J’ôte mes vêtements, je me dévoile métaphoriquement, soit. Je me révèle telle que je suis sous les oripeaux légués par la société, et ainsi de suite. Mais ce n’est pas vrai. Ces vêtements font autant partie de moi que ma peau. Ils disent d’où je viens. Je les ai achetés dans des magasins spécifiques, choisis sous certaines influences, et aussi en fonction du lieu où j’habite. Je les ai payés avec un argent accumulé grâce à différentes activités dont j’aime à penser qu’elles me définissent. Les choix de la coupe, de la couleur ne sont pas aléatoires, ils reflètent mes goûts – éventuellement, préciseront certains, telle recherche de discrétion ou au contraire d’exubérance, qui diront quelque chose de ma personnalité, en même temps qu’ils seront influencés par les canons de beauté en vigueur dans ma culture et ma classe sociale, auxquels j’aurai plus ou moins essayé de me conformer ou de m’opposer. Je me demande parfois comment je serais sans toutes ces pelures du monde sur mon corps, par exemple, prenons le cas le plus classique, sur une île déserte. Il paraît qu’alors je serais vraiment moi-même, que je laverais les quelques vêtements que je me serais fabriqués à la main et que je chasserais ma propre nourriture. Encore une pensée de colon. Cela fait partie de moi, d’être le produit d’une société, et plus spécifiquement d’un milieu, où le linge est lavé à la machine – et où l’on ne sait pas comment cette machine fonctionne ni comment faire son travail à sa place.

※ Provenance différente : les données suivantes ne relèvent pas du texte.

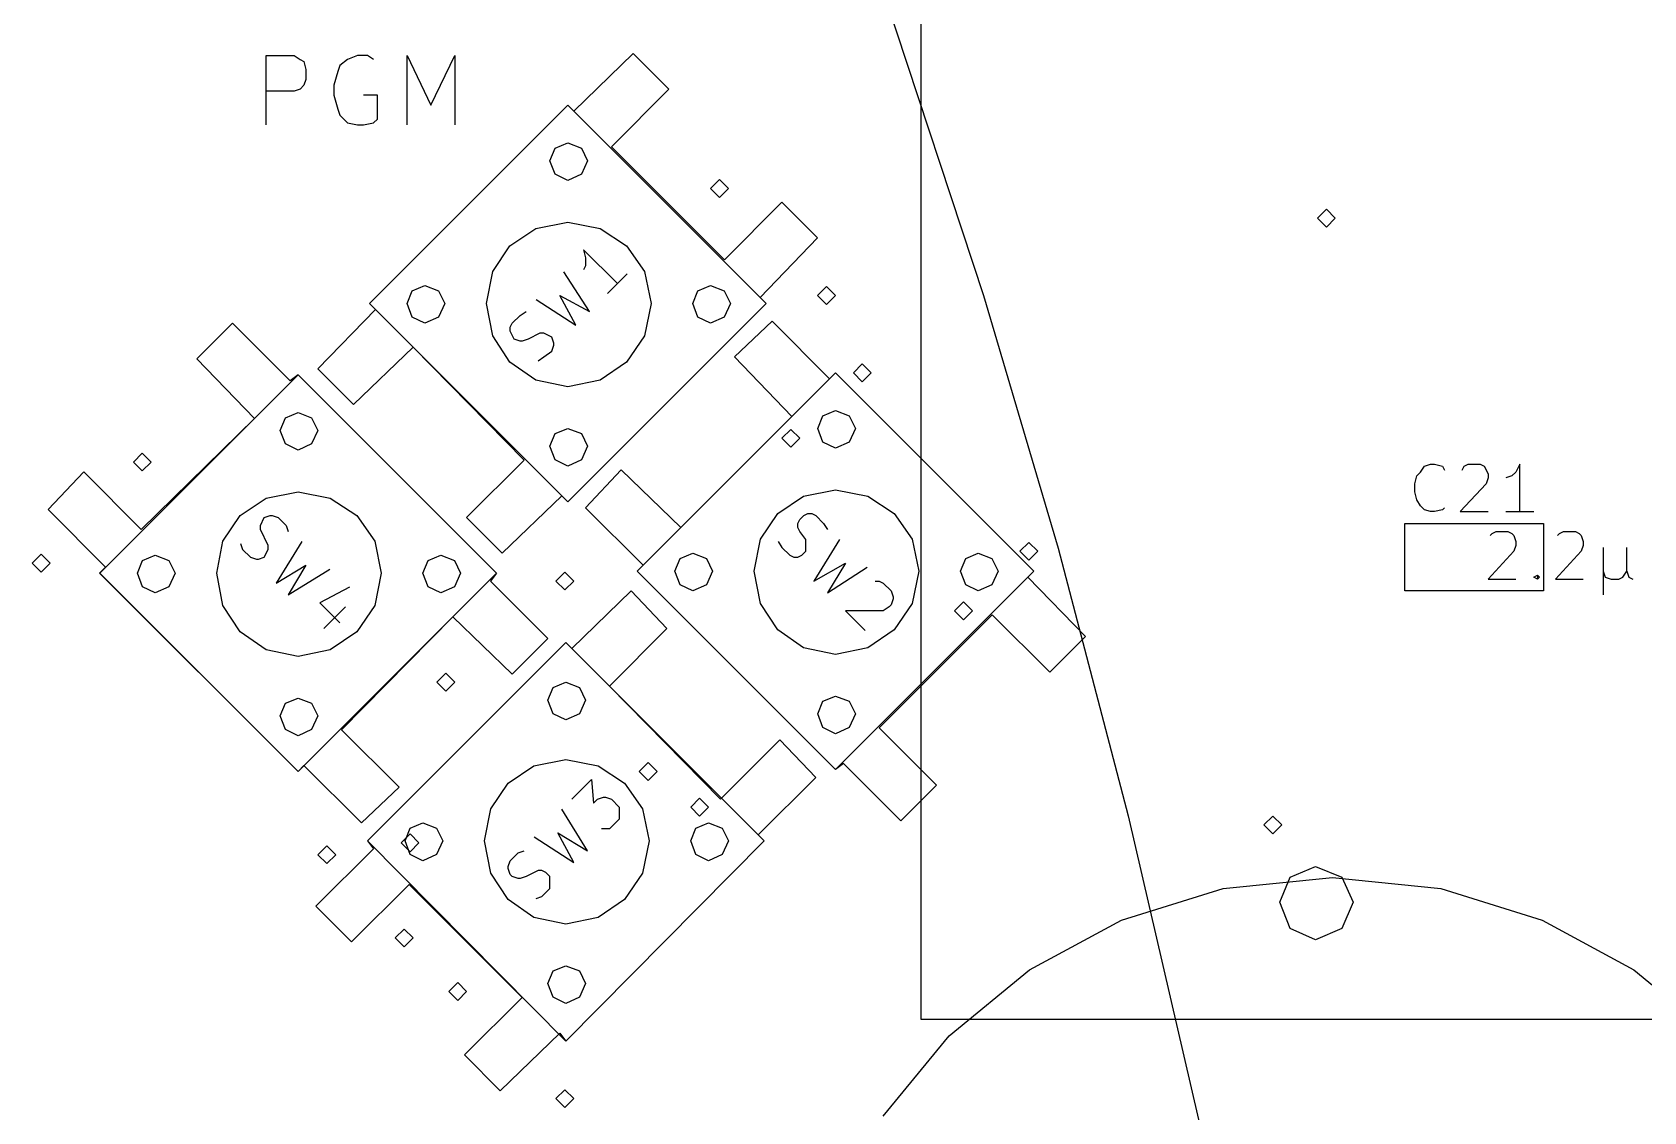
# Model space of a CAD drawing. Extents: x 11 to 154, y 0 to 137.
# Drawn here: x 10.93 to 45.33, y 42.75 to 65.8 of the extents above; entities that cross this region are included whole.
import ezdxf

# ---------------------------------------------------------------- set-up
doc = ezdxf.new("R2010")
doc.units = 0

msp = doc.modelspace()

# ---------------------------------------------------------------- linework, layer by layer
at = {"layer": '1'}
for p, q in [((29.898652, 101.70627), (29.898652, 44.725675)), ((23.760324, 65.341985), (22.490328, 64.114317)), ((24.522326, 64.579983), (23.760324, 65.341985)), ((23.294655, 63.352316), (24.522326, 64.579983)), ((18.12999, 60.007992), (22.363318, 64.24132)), ((22.363318, 64.24132), (22.490328, 64.114317)), ((25.707652, 60.939321), (23.294655, 63.352316)), ((25.411319, 62.463319), (25.601819, 62.653819)), ((25.601819, 62.653819), (25.792319, 62.463319)), ((25.601819, 62.272822), (25.411319, 62.463319)), ((25.792319, 62.463319), (25.601819, 62.272822)), ((25.792319, 62.463319), (25.792319, 62.463319)), ((26.93532, 62.166989), (25.707652, 60.939321)), ((27.697322, 61.404987), (26.93532, 62.166989)), ((38.365308, 61.828323), (38.55581, 62.018821)), ((38.55581, 62.018821), (38.746311, 61.828323)), ((38.55581, 61.637819), (38.365308, 61.828323)), ((38.746311, 61.828323), (38.55581, 61.637819)), ((38.746311, 61.828323), (38.746311, 61.828323)), ((26.469651, 60.134986), (27.697322, 61.404987)), ((27.697322, 60.17732), (27.887822, 60.367823)), ((27.887822, 60.367823), (28.078321, 60.17732)), ((17.029333, 58.610994), (18.257, 59.880989)), ((18.12999, 60.007992), (18.257, 59.880989)), ((22.363318, 55.774664), (26.596646, 60.007992)), ((26.469651, 60.134986), (26.596646, 60.007992)), ((27.887822, 59.986822), (27.697322, 60.17732)), ((28.078321, 60.17732), (27.887822, 59.986822)), ((28.078321, 60.17732), (28.078321, 60.17732)), ((15.208999, 59.584656), (14.447, 58.822657)), ((15.208999, 59.584656), (16.436669, 58.356989)), ((26.723656, 59.62699), (25.919314, 58.864991)), ((26.723656, 59.62699), (27.951311, 58.399322)), ((15.674668, 57.552662), (14.447, 58.822657)), ((19.061327, 59.076654), (17.791332, 57.848992)), ((21.431996, 56.663657), (19.061327, 59.076654)), ((27.146984, 57.594995), (25.919314, 58.864991)), ((16.605989, 58.483991), (16.436669, 58.356989)), ((16.605989, 58.483991), (20.839317, 54.250663)), ((17.029333, 58.610994), (17.791332, 57.848992)), ((28.078321, 58.526324), (27.951311, 58.399322)), ((28.078321, 58.526324), (32.311649, 54.292996)), ((28.459321, 58.526324), (28.649821, 58.716822)), ((28.649821, 58.335827), (28.459321, 58.526324)), ((28.649821, 58.716822), (28.84032, 58.526324)), ((28.84032, 58.526324), (28.649821, 58.335827)), ((28.84032, 58.526324), (28.84032, 58.526324)), ((13.261673, 55.181993), (15.674668, 57.552662)), ((24.776315, 55.224326), (27.146984, 57.594995)), ((26.93532, 57.129326), (27.12582, 57.319824)), ((27.12582, 56.938828), (26.93532, 57.129326)), ((27.12582, 57.319824), (27.31632, 57.129326)), ((27.31632, 57.129326), (27.12582, 56.938828)), ((27.31632, 57.129326), (27.31632, 57.129326)), ((13.092335, 56.621324), (13.282836, 56.811828)), ((13.282836, 56.811828), (13.473337, 56.621324)), ((13.282836, 56.430826), (13.092335, 56.621324)), ((13.473337, 56.621324), (13.282836, 56.430826)), ((13.473337, 56.621324), (13.473337, 56.621324)), ((20.204329, 55.435998), (21.431996, 56.663657)), ((23.506319, 56.451994), (22.744318, 55.647661)), ((23.506319, 56.451994), (24.776315, 55.224326)), ((12.034003, 56.40966), (11.272004, 55.605325)), ((12.034003, 56.40966), (13.261673, 55.181993)), ((22.236323, 55.901658), (20.966328, 54.673996)), ((22.236323, 55.901658), (22.363318, 55.774664)), ((12.499672, 54.377666), (11.272004, 55.605325)), ((20.204329, 55.435998), (20.966328, 54.673996)), ((23.971988, 54.419999), (22.744318, 55.647661)), ((40.227967, 55.308995), (43.1913, 55.308995)), ((40.227967, 53.869661), (40.227967, 55.308995)), ((43.1913, 55.308995), (43.1913, 53.869661)), ((32.015316, 54.716332), (32.205818, 54.90683)), ((32.205818, 54.525832), (32.015316, 54.716332)), ((32.205818, 54.90683), (32.396319, 54.716332)), ((32.396319, 54.716332), (32.205818, 54.525832)), ((32.396319, 54.716332), (32.396319, 54.716332)), ((10.933338, 54.462332), (11.123834, 54.652832)), ((11.123834, 54.271828), (10.933338, 54.462332)), ((11.123834, 54.652832), (11.314329, 54.462332)), ((11.314329, 54.462332), (11.123834, 54.271828)), ((11.314329, 54.462332), (11.314329, 54.462332)), ((12.499672, 54.377666), (12.372661, 54.250663)), ((23.971988, 54.419999), (23.844993, 54.292996)), ((12.372661, 54.250663), (16.605989, 50.017335)), ((20.839317, 54.250663), (20.712323, 54.081333)), ((21.939993, 52.853665), (20.712323, 54.081333)), ((22.109329, 54.081333), (22.299829, 54.27183)), ((22.299829, 53.890829), (22.109329, 54.081333)), ((22.299829, 54.27183), (22.490328, 54.081333)), ((22.490328, 54.081333), (22.299829, 53.890829)), ((22.490328, 54.081333), (22.490328, 54.081333)), ((23.844993, 54.292996), (28.078321, 50.059668)), ((32.311649, 54.292996), (32.184639, 54.165994)), ((33.412307, 52.895998), (32.184639, 54.165994)), ((23.717983, 53.869661), (22.447987, 52.642001)), ((24.479982, 53.065329), (23.717983, 53.869661)), ((43.1913, 53.869661), (40.227967, 53.869661)), ((17.537327, 50.906337), (19.907996, 53.319334)), ((19.907996, 53.319334), (21.177991, 52.091663)), ((29.009643, 50.948665), (31.422637, 53.361667)), ((30.618313, 53.446328), (30.808813, 53.636832)), ((30.808813, 53.25583), (30.618313, 53.446328)), ((30.808813, 53.636832), (30.999312, 53.446328)), ((30.999312, 53.446328), (30.808813, 53.25583)), ((30.999312, 53.446328), (30.999312, 53.446328)), ((31.422637, 53.361667), (32.650308, 52.133999)), ((23.25233, 51.837666), (24.479982, 53.065329)), ((18.087665, 48.535668), (22.320993, 52.768996)), ((21.177991, 52.091663), (21.939993, 52.853665)), ((22.320993, 52.768996), (22.447987, 52.642001)), ((32.650308, 52.133999), (33.412307, 52.895998)), ((19.569322, 51.922335), (19.759823, 52.112833)), ((19.759823, 52.112833), (19.950324, 51.922335)), ((19.759823, 51.731832), (19.569322, 51.922335)), ((19.950324, 51.922335), (19.759823, 51.731832)), ((19.950324, 51.922335), (19.950324, 51.922335)), ((25.622983, 49.424672), (23.25233, 51.837666)), ((30.237311, 49.721002), (29.009643, 50.948665)), ((18.764997, 49.678669), (17.537327, 50.906337)), ((26.892979, 50.694665), (25.622983, 49.424672)), ((27.654978, 49.890333), (26.892979, 50.694665)), ((16.733, 50.144338), (16.605989, 50.017335)), ((16.733, 50.144338), (17.96067, 48.916667)), ((23.887319, 50.017335), (24.07782, 50.207833)), ((24.07782, 49.826835), (23.887319, 50.017335)), ((24.07782, 50.207833), (24.268321, 50.017335)), ((24.268321, 50.017335), (24.07782, 49.826835)), ((24.268321, 50.017335), (24.268321, 50.017335)), ((26.427326, 48.66267), (27.654978, 49.890333)), ((28.247641, 50.186671), (28.078321, 50.059668)), ((28.247641, 50.186671), (29.475312, 48.959003)), ((17.96067, 48.916667), (18.764997, 49.678669)), ((29.475312, 48.959003), (30.237311, 49.721002)), ((24.987995, 49.255333), (25.178494, 49.445837)), ((25.178494, 49.064836), (24.987995, 49.255333)), ((25.178494, 49.445837), (25.368994, 49.255333)), ((25.368994, 49.255333), (25.178494, 49.064836)), ((25.368994, 49.255333), (25.368994, 49.255333)), ((37.22231, 48.874334), (37.41281, 49.064838)), ((37.41281, 48.683836), (37.22231, 48.874334)), ((37.41281, 49.064838), (37.603309, 48.874334)), ((37.603309, 48.874334), (37.41281, 48.683836)), ((37.603309, 48.874334), (37.603309, 48.874334)), ((18.087665, 48.535668), (18.214659, 48.36634)), ((18.807323, 48.493334), (18.997822, 48.683838)), ((18.997822, 48.683838), (19.188322, 48.493334)), ((22.320993, 44.260006), (26.554321, 48.535668)), ((26.427326, 48.66267), (26.554321, 48.535668)), ((16.986991, 47.138669), (18.214659, 48.36634)), ((17.029333, 48.239337), (17.219832, 48.429835)), ((17.219832, 48.048838), (17.029333, 48.239337)), ((17.219832, 48.429835), (17.410332, 48.239337)), ((17.410332, 48.239337), (17.219832, 48.048838)), ((17.410332, 48.239337), (17.410332, 48.239337)), ((18.997822, 48.302837), (18.807323, 48.493334)), ((19.188322, 48.493334), (18.997822, 48.302837)), ((19.188322, 48.493334), (19.188322, 48.493334)), ((37.783229, 47.763088), (38.322978, 47.985338)), ((38.322978, 47.985338), (38.883894, 47.763088)), ((18.976661, 47.604338), (17.748991, 46.37667)), ((21.389655, 45.191344), (18.976661, 47.604338)), ((34.180262, 46.845305), (36.350917, 47.517759)), ((36.350917, 47.517759), (38.682803, 47.752163)), ((37.560979, 47.223339), (37.783229, 47.763088)), ((38.682803, 47.752163), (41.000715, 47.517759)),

La machine à laver (on dit aussi lave-linge, pour réduire cette présence à sa fonction et ne pas trop s’en encombrer) est un objet qui fait partie de mon environnement familier, de mes souvenirs d’enfance, et qui rythme aussi ma vie aujourd’hui. Et parce qu’elle appartient à l’identité de milliers d’autres personnes, je suis liée à elles, je partage une partie de mon identité avec elles, et je trouve ça plutôt important.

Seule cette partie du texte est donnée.